I got the three piece pasta roller and cutter set for the KitchenAid. I followed the recipe instructions for the pasta and got spaghetti better than store-bought. However, I could have bought a lot of spaghetti for the price of this set. LOL All-in-all KitchenAid has always worked well for me.


----------



## sugarspinner

Had the Oster mixer, grinder, blender appliance. The blender was good. The grinder was okay. The mixer splashed horribly, was backward for me when adding ingredients and finally died from mixing thick doughs. I'm not an Oster fan.


----------



## jconde

I have an older kitchenaid from the 60's. I love it. I bake all our bread (dough hook is fab).

It's made by hobart and keeps chugging along. I have the grinder attachment and shredder. Someday I'll splurge and go for the pasta attachment.


----------



## painterdsm

I got a Kitchen Aid mixer about 25 years ago, and I have not had the first problem with it. Got a meat grinder attachment and it works great, make LOTS of bread with it and it has never failed me! I'd go Kitchen Aid!


----------



## Ed Norman

The old Kitchenaids were great. The newer ones are junk. Ours was replaced twice with factory refurbished models. The third one also began stripping gears and slinging oil into the dough, which is why we found another brand. Get an old one at a garage sale or a new something else.


----------



## Marcia in MT

I finally killed our 30 year old Kitchenaid -- burned out the motor so badly that the repair shop couldn't fix it. Bought a new 575 w model, after reading about how all the lower end machines have plastic gears and just don't hold up, but the top end ones still have metal gears. We have all the attachments and use them regularly, so it just made more sense to go with another Kitchenaid.
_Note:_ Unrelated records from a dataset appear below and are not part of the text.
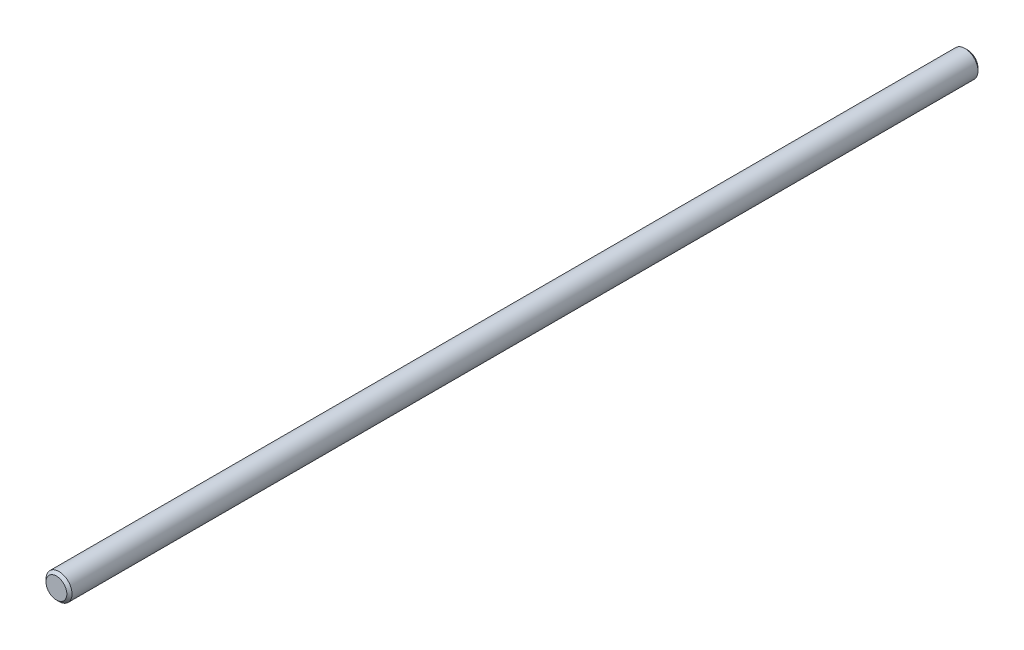
SolidWorks part; units mm, degrees
ref_plane "Front Plane" through (0, 0, 0) normal (0, 0, 1) x (1, 0, 0)
ref_plane "Top Plane" through (0, 0, 0) normal (0, 1, 0) x (1, 0, 0)
ref_plane "Right Plane" through (0, 0, 0) normal (1, 0, 0) x (0, 0, -1)
sketch "Sketch1" plane through (0, 0, 0) normal (0, 0, 1) x (1, 0, 0)
  circle A0 centre (0, 0) radius 2.5
  dimension "D1" = 5
extrude "Extrude1" add sketch "Sketch1" along normal blind 175
chamfer "Chamfer1" distance 0.5 angle 45 2 edges at (2.5, 0, 0) (2.5, 0, 175)
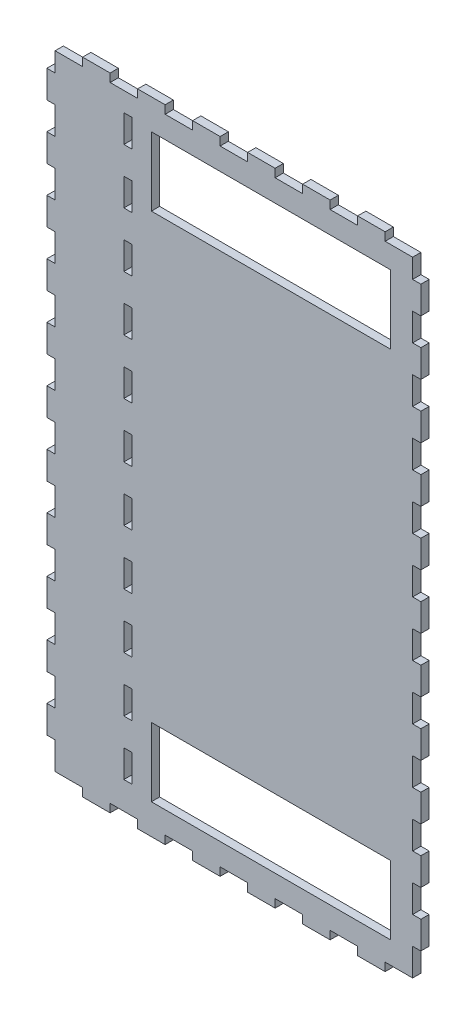
SolidWorks part; units mm, degrees
ref_plane "Front Plane" through (0, 0, 0) normal (0, 0, 1) x (1, 0, 0)
ref_plane "Top Plane" through (0, 0, 0) normal (0, 1, 0) x (1, 0, 0)
ref_plane "Right Plane" through (0, 0, 0) normal (1, 0, 0) x (0, 0, -1)
sketch "Sketch1" plane through (0, 0, 0) normal (0, 0, 1) x (1, 0, 0)
  line L0 (0, 113.5) -> (130, 113.5) construction
  line L1 (0, 0) -> (130, 0)
  line L2 (0, 0) -> (0, 227)
  line L3 (0, 227) -> (130, 227)
  line L4 (130, 0) -> (130, 227)
  line L5 (35, 8) -> (122, 8)
  line L6 (35, 8) -> (35, 33)
  line L7 (35, 33) -> (122, 33)
  line L8 (122, 8) -> (122, 33)
  line L9 (35, 194) -> (122, 194)
  line L10 (122, 219) -> (122, 194)
  line L11 (35, 219) -> (122, 219)
  line L12 (35, 219) -> (35, 194)
  dimension "D1" = 130
  dimension "D2" = 227
  dimension "D3" = 35
  dimension "D4" = 8
  dimension "D5" = 8
  dimension "D6" = 25
extrude "Boss-Extrude1" add sketch "Sketch1" along normal blind 3
sketch "Sketch2" plane through (0, 0, 0) normal (0, -1, 0) x (1, 0, 0)
  line L0 (0, 0) -> (130, 0) construction
  line L1 (10, 0) -> (20, 0)
  line L2 (10, 0) -> (10, 3)
  line L3 (10, 3) -> (20, 3)
  line L4 (20, 0) -> (20, 3)
  line L5 (0, 3) -> (130, 3) construction
  line L6 (0, 3) -> (0, 0) construction
  dimension "D1" = 10
  dimension "D2" = 10
extrude "Boss-Extrude2" add sketch "Sketch2" along normal blind 3
pattern_linear "LPattern1" count 6 spacing 20 along (1, 0, 0) of "Boss-Extrude2"
sketch "Sketch3" plane through (0, 227, 0) normal (0, 1, 0) x (1, 0, 0)
  line L0 (130, -3) -> (0, -3) construction
  line L1 (10, -3) -> (20, -3)
  line L2 (10, -3) -> (10, 0)
  line L3 (10, 0) -> (20, 0)
  line L4 (20, -3) -> (20, 0)
  line L5 (130, 0) -> (0, 0) construction
  line L6 (0, -3) -> (0, 0) construction
  dimension "D1" = 10
  dimension "D2" = 10
extrude "Boss-Extrude3" add sketch "Sketch3" along normal blind 3
pattern_linear "LPattern2" count 6 spacing 20 along (1, 0, 0) of "Boss-Extrude3"
sketch "Sketch4" plane through (130, 0, 0) normal (1, 0, 0) x (0, 0, -1)
  line L0 (-3, 0) -> (-3, 227) construction
  line L1 (-3, 10) -> (0, 10)
  line L2 (-3, 10) -> (-3, 20)
  line L3 (-3, 20) -> (0, 20)
  line L4 (0, 10) -> (0, 20)
  line L5 (0, 0) -> (0, 227) construction
  line L6 (0, 0) -> (-3, 0) construction
  dimension "D1" = 10
  dimension "D2" = 10
extrude "Boss-Extrude4" add sketch "Sketch4" along normal blind 3
pattern_linear "LPattern3" count 11 spacing 20 along (0, 1, 0) of "Boss-Extrude4"
sketch "Sketch5" plane through (0, 0, 0) normal (-1, 0, 0) x (0, 0, 1)
  line L0 (0, 227) -> (0, 0) construction
  line L1 (3, 227) -> (3, 0) construction
  line L2 (0, 10) -> (3, 10)
  line L3 (0, 10) -> (0, 20)
  line L4 (0, 20) -> (3, 20)
  line L5 (3, 10) -> (3, 20)
  line L6 (3, 0) -> (0, 0) construction
  dimension "D1" = 10
  dimension "D2" = 10
extrude "Boss-Extrude5" add sketch "Sketch5" along normal blind 3
pattern_linear "LPattern4" count 11 spacing 20 along (0, 1, 0) of "Boss-Extrude5"
sketch "Sketch6" plane through (0, 0, 3) normal (0, 0, 1) x (1, 0, 0)
  line L0 (0, 70) -> (0, 60) construction
  line L1 (25, 10) -> (28, 10)
  line L2 (25, 10) -> (25, 20)
  line L3 (25, 20) -> (28, 20)
  line L4 (28, 10) -> (28, 20)
  line L5 (20, 0) -> (30, 0) construction
  dimension "D1" = 25
  dimension "D2" = 3
  dimension "D3" = 10
  dimension "D4" = 10
extrude "Cut-Extrude1" cut sketch "Sketch6" against normal blind 3
pattern_linear "LPattern5" count 11 spacing 20 along (0, 1, 0) of "Cut-Extrude1"

Well, shortly after the warranty was up, a tooth on the gear broke. I had to send it to the factory to be fixed -- I was NOT a happy camper! Turns out that using bread flour or whole wheat flour counts as a double amount, so the bread recipe that the old (bottom of the line!) machine could handle was too much for this larger one!

I still use the mixer a lot, but am a little leary about it. Would I buy another? Maybe . . . .


----------



## Charly

I inherited my Bosch mixer from my mother. It must be 30+ years old. Maybe even closer to 40. It's still going strong. Probably need to have it serviced because a tiny bit of black grease comes out of the center every once in a while. It has been a great work horse. 

I bought a Bosch range a couple years ago and loved it too. We moved, and I reluctantly left it with the house. 

I hope to purchase a Bosch mixer for each of my girls whenever they get married. 

They seem to stand the test of time.


----------



## sewsilly

I bought a 1930 (folks still had the book) Hamilton beach stand mixer at the church yard sale for $20. I've had it 10 years and it's still going strong... 80 years and counting...
If you find one, snap it up...

when it quits, then I'll have to do some research.

dawn


----------



## FeralFemale

Had an Oster processor that died within a year in the middle of a batch of hot pepper jelly. Never did anything in it that could be considered difficult to process.

I have had a Kitchenaid Pro mixer for seven years and love it. It is the expensive model, no plastic parts, but I got it as a wedding gift so I can't complain about how spendy it was. From what I understand, though, if you are going to get a kitchenaid mixer, you'll want to spend the money on the Pro series.


----------



## ronron

I too have sent my kitchen aid back twice to be fixed the last time the lady I talked to offered me a swap for a refurbished 600 series for the same price as the repair...I didn't take the hint and asked that they just fix mine...of corse upon reflection I regret not taking the swap..


----------



## U8sushi2

if you can find an older kitchenAid buy it the new ones are junk


----------



## okiemomof3

gotta go with the recommendation for a Bosch. i got mine last year for Christmas and i LOVE it!


----------